About 20 Bedouin communities between Jerusalem and Jericho are to be forcibly relocated from the land on which they have lived for 60 years under an Israeli plan to expand a huge Jewish settlement.
The removal of about 2,300 members of the Bedouin Jahalin tribe, two-thirds of whom are children, is scheduled to begin next month. The Israeli authorities plan to relocate the families from the West Bank to a site close to a municipal garbage dump on the edge of Jerusalem.
The Bedouin say the move would expose them to health hazards, deny them access to land to graze their livestock and endanger their traditional lifestyle. They add that the viability of their existing communities has been seriously eroded by the growth of Jewish settlements, the creation of military zones, demolitions of homes and animal pens and the building of a highway, which cuts through their encampments.
“Because of the [military] closures and the settlements, we are living in a jail which gets smaller every year,” said Eid Hamis Swelem Jahalin, 46, who was born in the encampment of Khan al--Ahmar, and has lived there almost all his life.
The relocation plan is the first phase of a longer-term program to remove around 27,000 Bedouin Arabs from Area C, the 62 percent of the West Bank under Israeli military control.
The communities have not been formally notified of the plan, which was disclosed by Israel’s civil administration, the military body governing Area C, to a UN agency.
The head of the Israeli Civil Administration visited Khan al--Ahmar three weeks ago to give verbal warning of the impending removal, Hamis said.
“He said the land belongs to the government, that we are illegally here. I told him that I lived here before 1967, before you even came to our land,” Hamis said.
The tiny communities perched on the bleak rocky hills, which roll down toward the Dead Sea, endure a harsh existence without electricity, running water, sanitation, paved roads and medical facilities. The Bedouin homes are makeshift structures of wood, corrugated iron and tarpaulin.
The nearby Jewish settlements, in contrast, are connected to utilities and services. Ma’ale Adumim, home to almost 40,000 people and which overlooks the Jahalin communities, has 21 schools, 80 kindergartens, a public transport network, libraries, swimming pools and shopping malls.
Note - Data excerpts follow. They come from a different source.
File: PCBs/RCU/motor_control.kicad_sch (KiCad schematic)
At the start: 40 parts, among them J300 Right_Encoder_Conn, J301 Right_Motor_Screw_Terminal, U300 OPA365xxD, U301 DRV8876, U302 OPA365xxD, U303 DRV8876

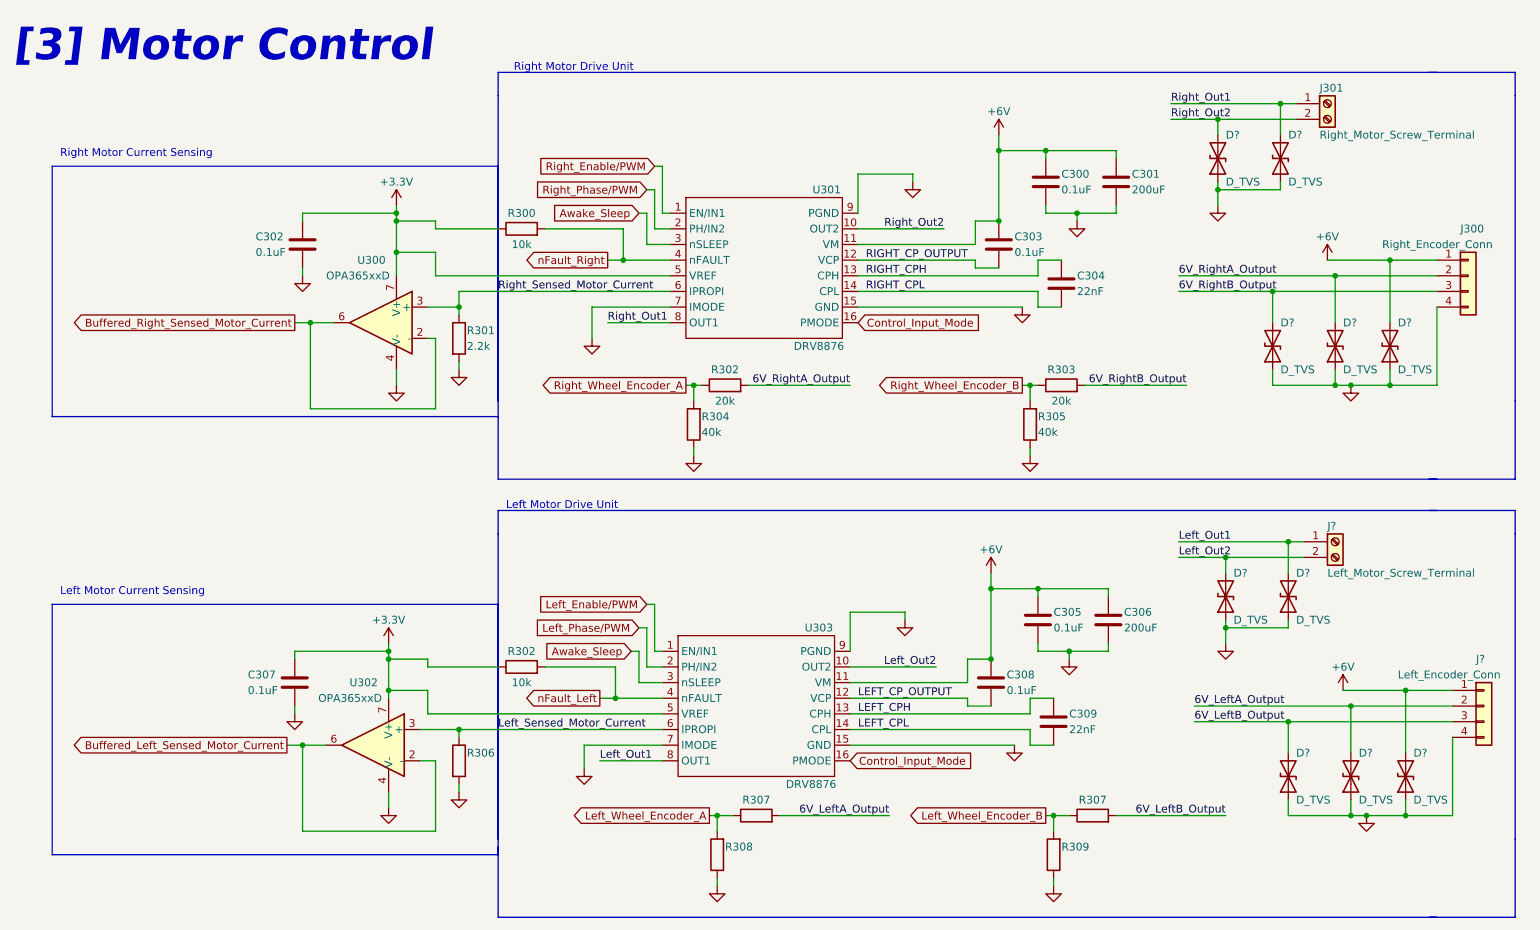
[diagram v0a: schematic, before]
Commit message: Removed TVS diodes for motor terminals, label TVS diodes for encoder, using OPA320 op amps in motor control schematic, it is now fully annotated
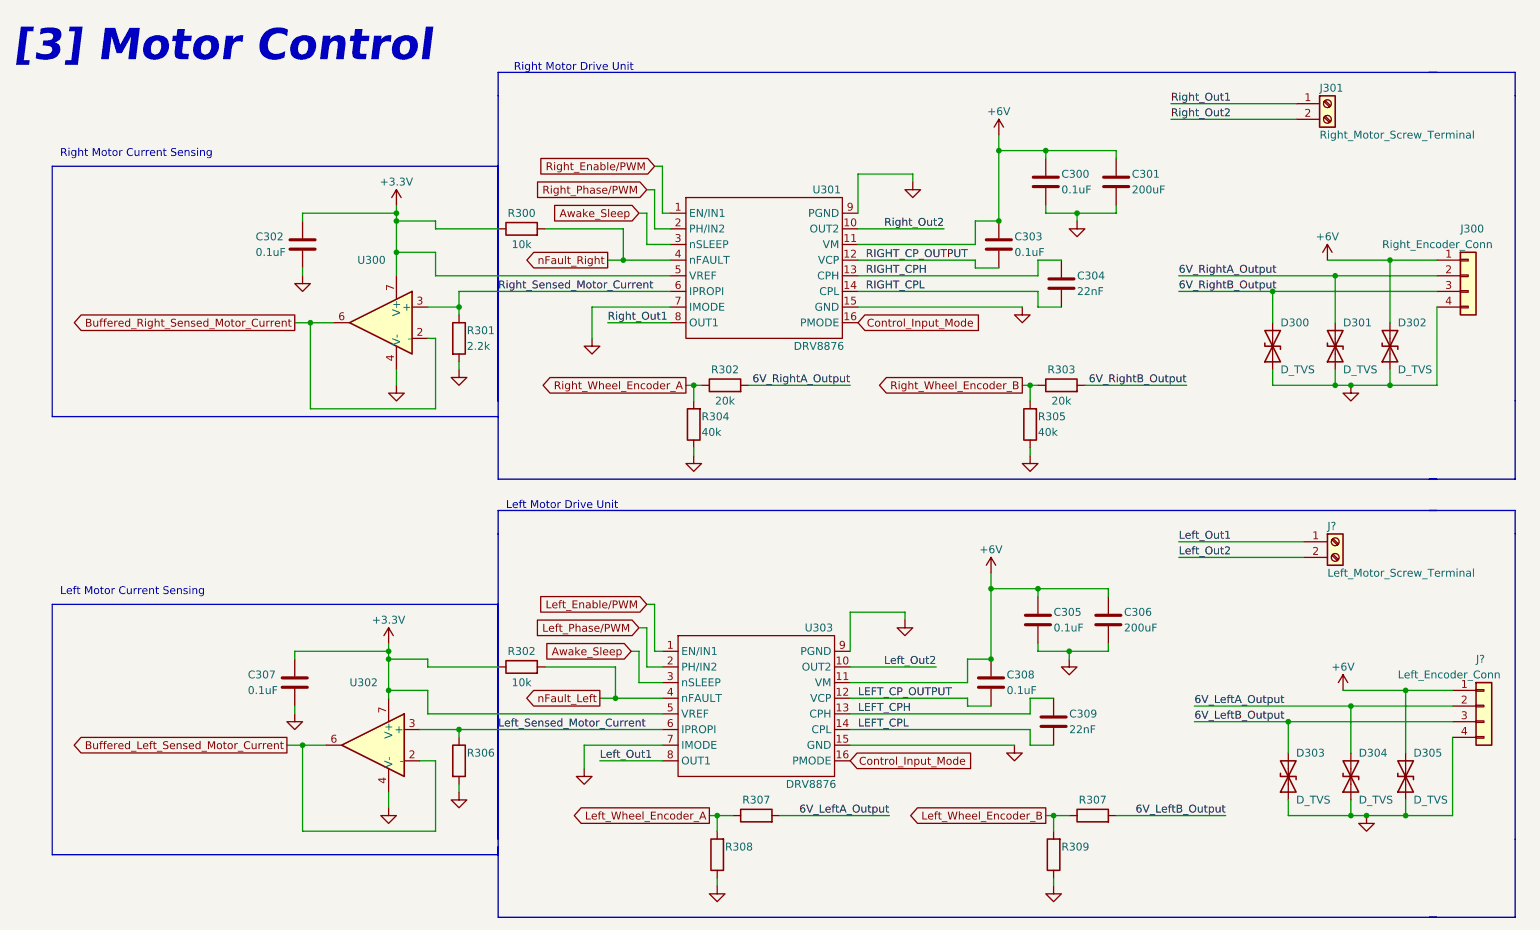
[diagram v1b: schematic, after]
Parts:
- removed D? (x4): D_TVS, symbol Device:D_TVS
- U300, U302: value OPA365xxD -> (none)
- gave numbers to parts that had none: 6

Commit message: Labled motor terminala and encoder connectors
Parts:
- gave numbers to parts that had none: 2
- renumbered J301 to J300, J300 to J301
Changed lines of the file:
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@@
   (symbol (lib_id "Connector:Screw_Terminal_01x02") (at 238.76 101.6 0) (unit 1)
     (in_bom yes) (on_board yes)
-    (property "Reference" "J?" (id 0) (at 237.49 99.06 0)
+    (property "Reference" "J302" (id 0) (at 237.49 99.06 0)
       (effects (font (size 1.27 1.27)) (justify left))
     )
@@
   (symbol (lib_id "Connector:Screw_Terminal_01x02") (at 237.49 30.48 0) (unit 1)
     (in_bom yes) (on_board yes)
-    (property "Reference" "J301" (id 0) (at 236.22 27.94 0)
+    (property "Reference" "J300" (id 0) (at 236.22 27.94 0)
       (effects (font (size 1.27 1.27)) (justify left))
     )
@@
   (symbol (lib_id "Connector_Generic:Conn_01x04") (at 262.89 128.27 0) (unit 1)
     (in_bom yes) (on_board yes)
-    (property "Reference" "J?" (id 0) (at 261.62 120.65 0)
+    (property "Reference" "J303" (id 0) (at 261.62 120.65 0)
       (effects (font (size 1.27 1.27)) (justify left))
     )
@@
   (symbol (lib_id "Connector_Generic:Conn_01x04") (at 260.35 58.42 0) (unit 1)
     (in_bom yes) (on_board yes)
-    (property "Reference" "J300" (id 0) (at 259.08 50.8 0)
-      (effects (font (size 1.27 1.27)) (justify left))
-    )
+    (property "Reference" "J301" (id 0) (at 259.08 50.8 0)
+      (effects (font (size 1.27 1.27)) (justify left))
+    )

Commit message: Corrected SPI_MOSI and SPI_MISO labels on U700 - external memory
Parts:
- R306: value (none) -> 2.2k
- R307: value (none) -> 20k
- R308, R309: value (none) -> 40k
- U300, U302: value (none) -> OPA320xxD
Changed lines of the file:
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@@
       (effects (font (size 1.27 1.27)) (justify left))
     )
-    (property "Value" "" (id 1) (at 97.79 138.43 0)
+    (property "Value" "2.2k" (id 1) (at 97.79 138.43 0)
       (effects (font (size 1.27 1.27)) (justify left))
     )
@@
     (in_bom yes) (on_board yes)
     (property "Reference" "R307" (id 0) (at 199.39 143.51 90))
-    (property "Value" "" (id 1) (at 199.39 148.59 90))
+    (property "Value" "20k" (id 1) (at 199.39 148.59 90))
     (property "Footprint" "" (id 2) (at 199.39 147.828 90)
       (effects (font (size 1.27 1.27)) hide)
@@
       (effects (font (size 1.27 1.27)) (justify right))
     )
-    (property "Value" "" (id 1) (at 194.31 153.67 0)
+    (property "Value" "40k" (id 1) (at 194.31 153.67 0)
       (effects (font (size 1.27 1.27)) (justify right))
     )
@@
       (effects (font (size 1.27 1.27)) (justify right))
     )
-    (property "Value" "" (id 1) (at 139.7 153.67 0)
+    (property "Value" "40k" (id 1) (at 139.7 153.67 0)
       (effects (font (size 1.27 1.27)) (justify right))
     )
@@
       (effects (font (size 1.27 1.27)) (justify right))
     )
-    (property "Value" "" (id 1) (at 74.93 58.42 0)
+    (property "Value" "OPA320xxD" (id 1) (at 74.93 58.42 0)
       (effects (font (size 1.27 1.27)) (justify right))
     )
@@
     (in_bom yes) (on_board yes)
     (property "Reference" "R307" (id 0) (at 144.78 143.51 90))
-    (property "Value" "" (id 1) (at 144.78 148.59 90))
+    (property "Value" "20k" (id 1) (at 144.78 148.59 90))
     (property "Footprint" "" (id 2) (at 144.78 147.828 90)
       (effects (font (size 1.27 1.27)) hide)
@@
       (effects (font (size 1.27 1.27)) (justify right))
     )
-    (property "Value" "" (id 1) (at 73.66 127 0)
-      (effects (font (size 1.27 1.27)) (justify right))
-    )
+    (property "Value" "OPA320xxD" (id 1) (at 73.66 127 0)
+      (effects (font (size 1.27 1.27)) (justify right))
+    )

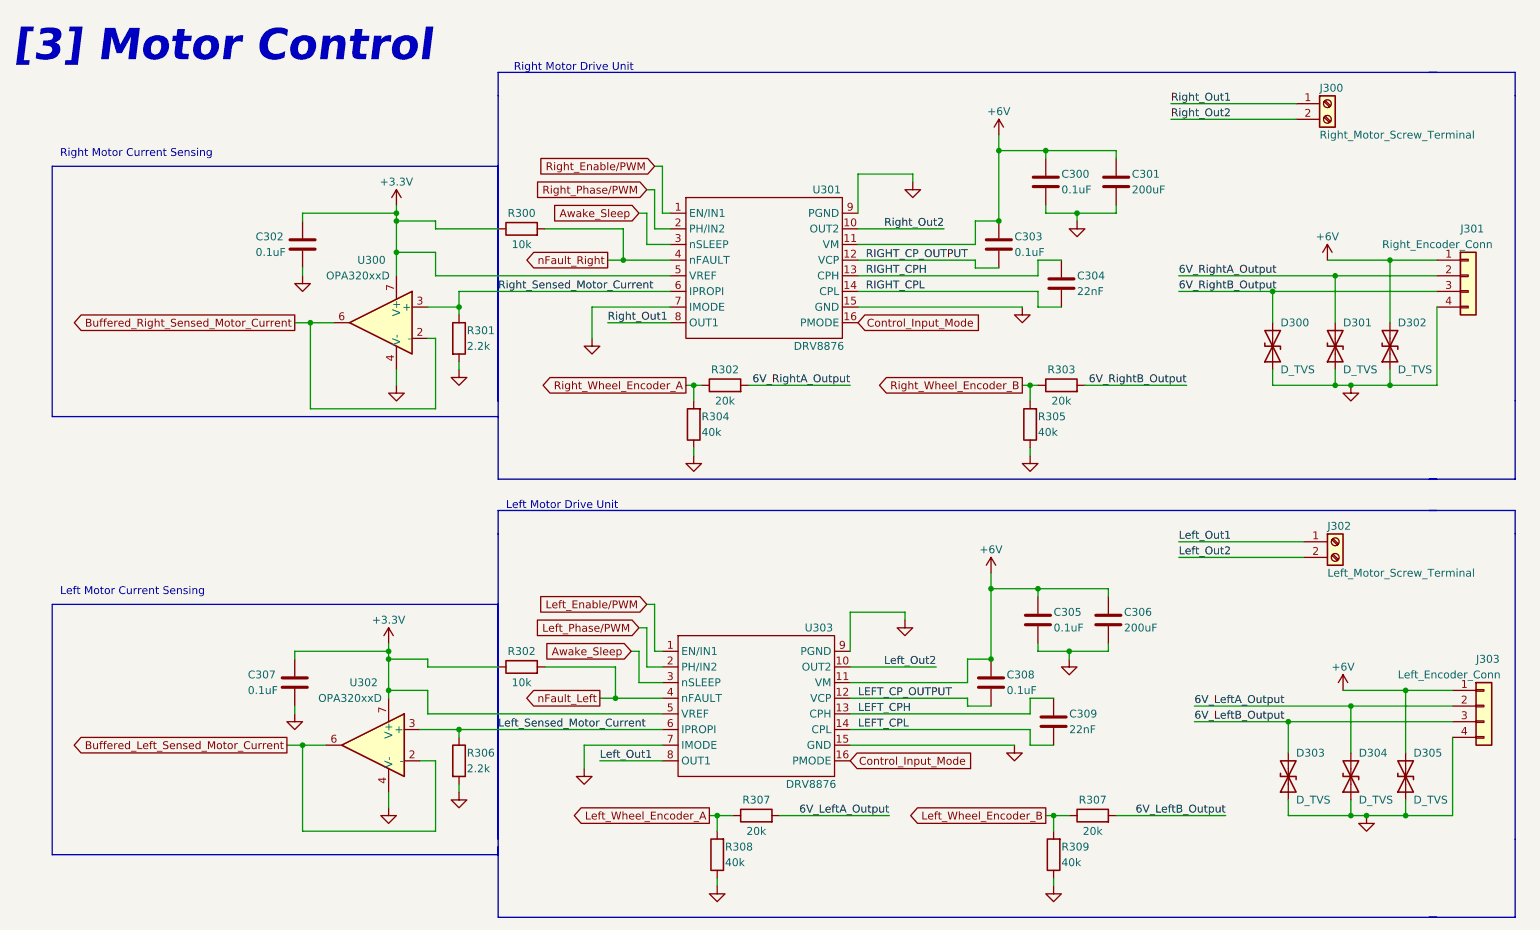
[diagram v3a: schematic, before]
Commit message: Add OPA320, DRV8876, Motor Terminal and encoder footprints
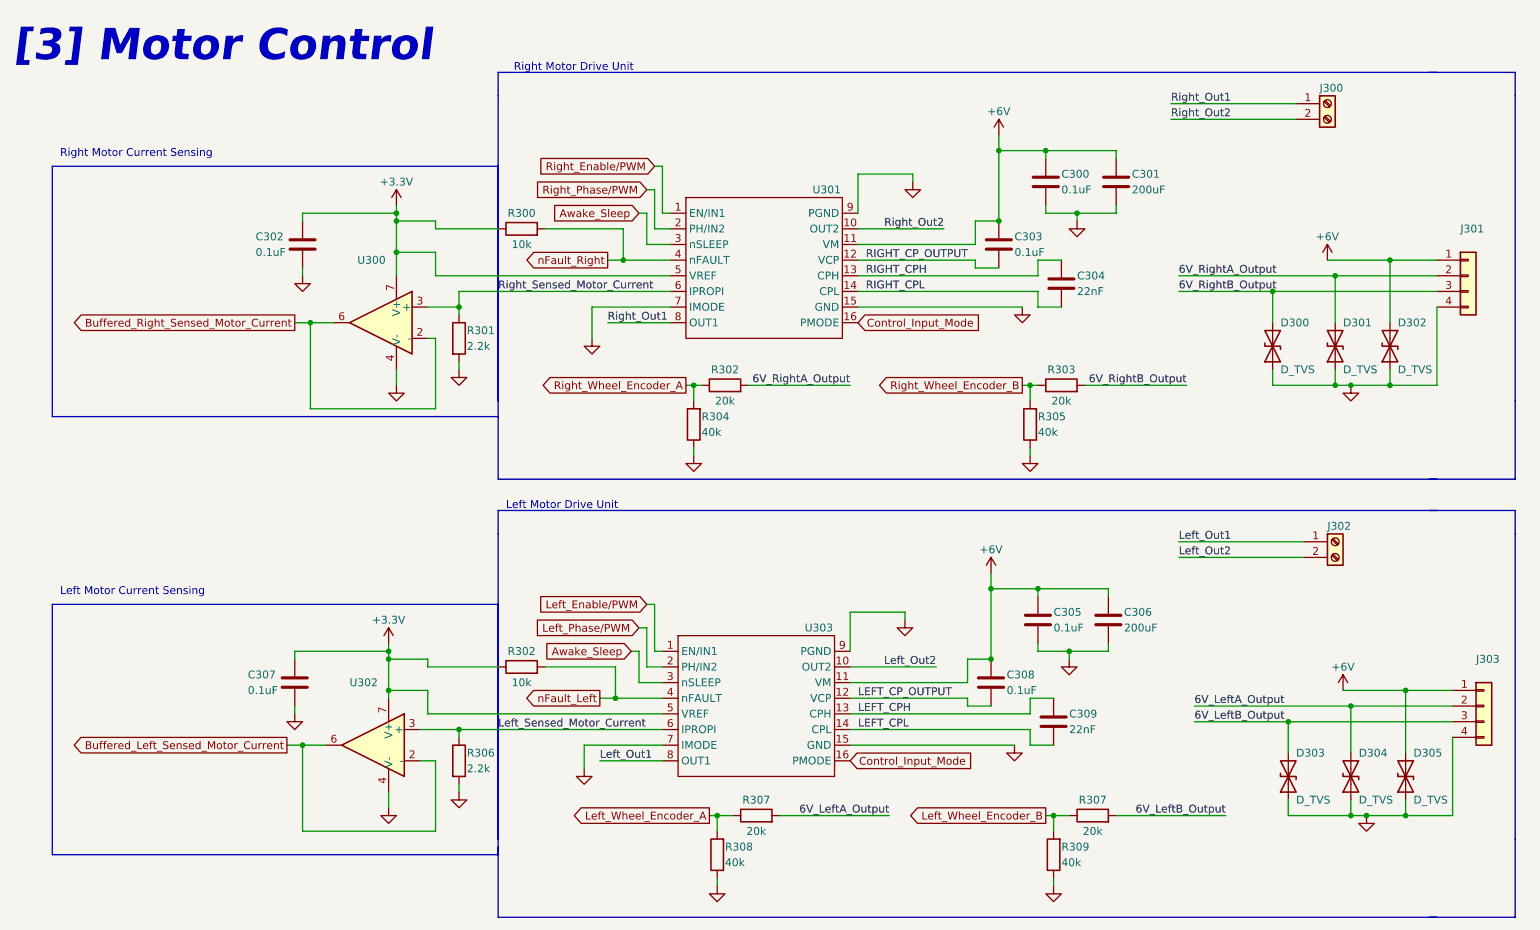
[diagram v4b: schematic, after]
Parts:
- J300: value Right_Motor_Screw_Terminal -> (none)
- J301: value Right_Encoder_Conn -> (none)
- J302: value Left_Motor_Screw_Terminal -> (none)
- J303: value Left_Encoder_Conn -> (none)
- U300, U302: value OPA320xxD -> (none); footprint Package_SO:SOIC-8_3.9x4.9mm_P1.27mm -> (none)
- U301, U303: value DRV8876 -> (none)
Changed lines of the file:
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@@
     (in_bom yes) (on_board yes)
     (property "Reference" "U301" (id 0) (at 156.21 44.45 0))
-    (property "Value" "DRV8876" (id 1) (at 154.94 69.85 0))
+    (property "Value" "" (id 1) (at 154.94 69.85 0))
     (property "Footprint" "" (id 2) (at 146.05 55.88 0)
       (effects (font (size 1.27 1.27)) hide)
@@
       (effects (font (size 1.27 1.27)) (justify left))
     )
-    (property "Value" "Left_Motor_Screw_Terminal" (id 1) (at 237.49 106.68 0)
+    (property "Value" "" (id 1) (at 237.49 106.68 0)
       (effects (font (size 1.27 1.27)) (justify left))
     )
@@
       (effects (font (size 1.27 1.27)) (justify left))
     )
-    (property "Value" "Right_Motor_Screw_Terminal" (id 1) (at 236.22 35.56 0)
+    (property "Value" "" (id 1) (at 236.22 35.56 0)
       (effects (font (size 1.27 1.27)) (justify left))
     )
@@
       (effects (font (size 1.27 1.27)) (justify left))
     )
-    (property "Value" "Left_Encoder_Conn" (id 1) (at 248.92 123.19 0)
+    (property "Value" "" (id 1) (at 248.92 123.19 0)
       (effects (font (size 1.27 1.27)) (justify left))
     )
@@
       (effects (font (size 1.27 1.27)) (justify left))
     )
-    (property "Value" "Right_Encoder_Conn" (id 1) (at 246.38 53.34 0)
+    (property "Value" "" (id 1) (at 246.38 53.34 0)
       (effects (font (size 1.27 1.27)) (justify left))
     )
@@
       (effects (font (size 1.27 1.27)) (justify right))
     )
-    (property "Value" "OPA320xxD" (id 1) (at 74.93 58.42 0)
-      (effects (font (size 1.27 1.27)) (justify right))
-    )
-    (property "Footprint" "Package_SO:SOIC-8_3.9x4.9mm_P1.27mm" (id 2) (at 86.36 71.12 0)
+    (property "Value" "" (id 1) (at 74.93 58.42 0)
+      (effects (font (size 1.27 1.27)) (justify right))
+    )
+    (property "Footprint" "" (id 2) (at 86.36 71.12 0)
       (effects (font (size 1.27 1.27)) (justify left) hide)
     )
-    (property "Datasheet" "http://www.ti.com/lit/ds/symlink/opa365.pdf" (id 3) (at 80.01 62.23 0)
+    (property "Datasheet" "" (id 3) (at 80.01 62.23 0)
       (effects (font (size 1.27 1.27)) hide)
     )
@@
     (in_bom yes) (on_board yes)
     (property "Reference" "U303" (id 0) (at 154.94 115.57 0))
-    (property "Value" "DRV8876" (id 1) (at 153.67 140.97 0))
+    (property "Value" "" (id 1) (at 153.67 140.97 0))
     (property "Footprint" "" (id 2) (at 144.78 127 0)
       (effects (font (size 1.27 1.27)) hide)
@@
       (effects (font (size 1.27 1.27)) (justify right))
     )
-    (property "Value" "OPA320xxD" (id 1) (at 73.66 127 0)
-      (effects (font (size 1.27 1.27)) (justify right))
-    )
-    (property "Footprint" "Package_SO:SOIC-8_3.9x4.9mm_P1.27mm" (id 2) (at 85.09 139.7 0)
+    (property "Value" "" (id 1) (at 73.66 127 0)
+      (effects (font (size 1.27 1.27)) (justify right))
+    )
+    (property "Footprint" "" (id 2) (at 85.09 139.7 0)
       (effects (font (size 1.27 1.27)) (justify left) hide)
     )
-    (property "Datasheet" "http://www.ti.com/lit/ds/symlink/opa365.pdf" (id 3) (at 78.74 130.81 0)
-      (effects (font (size 1.27 1.27)) hide)
-    )
+    (property "Datasheet" "" (id 3) (at 78.74 130.81 0)
+      (effects (font (size 1.27 1.27)) hide)
+    )

The area on which the Jahalin live has been designated by Israel for the expansion of Ma’ale Adumim. Many Palestinians see this as part of a strategic plan to close a ring of Jewish settlements that would cut East Jerusalem off from the West Bank. By stretching down to the Jordan valley, an expanded Ma’ale Adumim would also bisect the West Bank, making a contiguous Palestinian state impossible.
“They want to empty the Bedouin from the whole area and they will put settlers in our place and there will be no Palestinian state,” Hamis said.
All Jewish settlements in the West Bank and East Jerusalem are illegal under international law.
The Jahalin were originally from the Negev desert, from which they fled or were forced out following the creation of the state of Israel in 1948. Now the extended tribe is scattered across the West Bank. Those threatened with relocation say they rented the land from its Palestinian owners, who live in the nearby village of Anata. However, the Israeli authorities say the land now belongs to the state, and their homes, animal pens and small schools are built without permission — which is practically impossible to obtain — and therefore subject to demolition.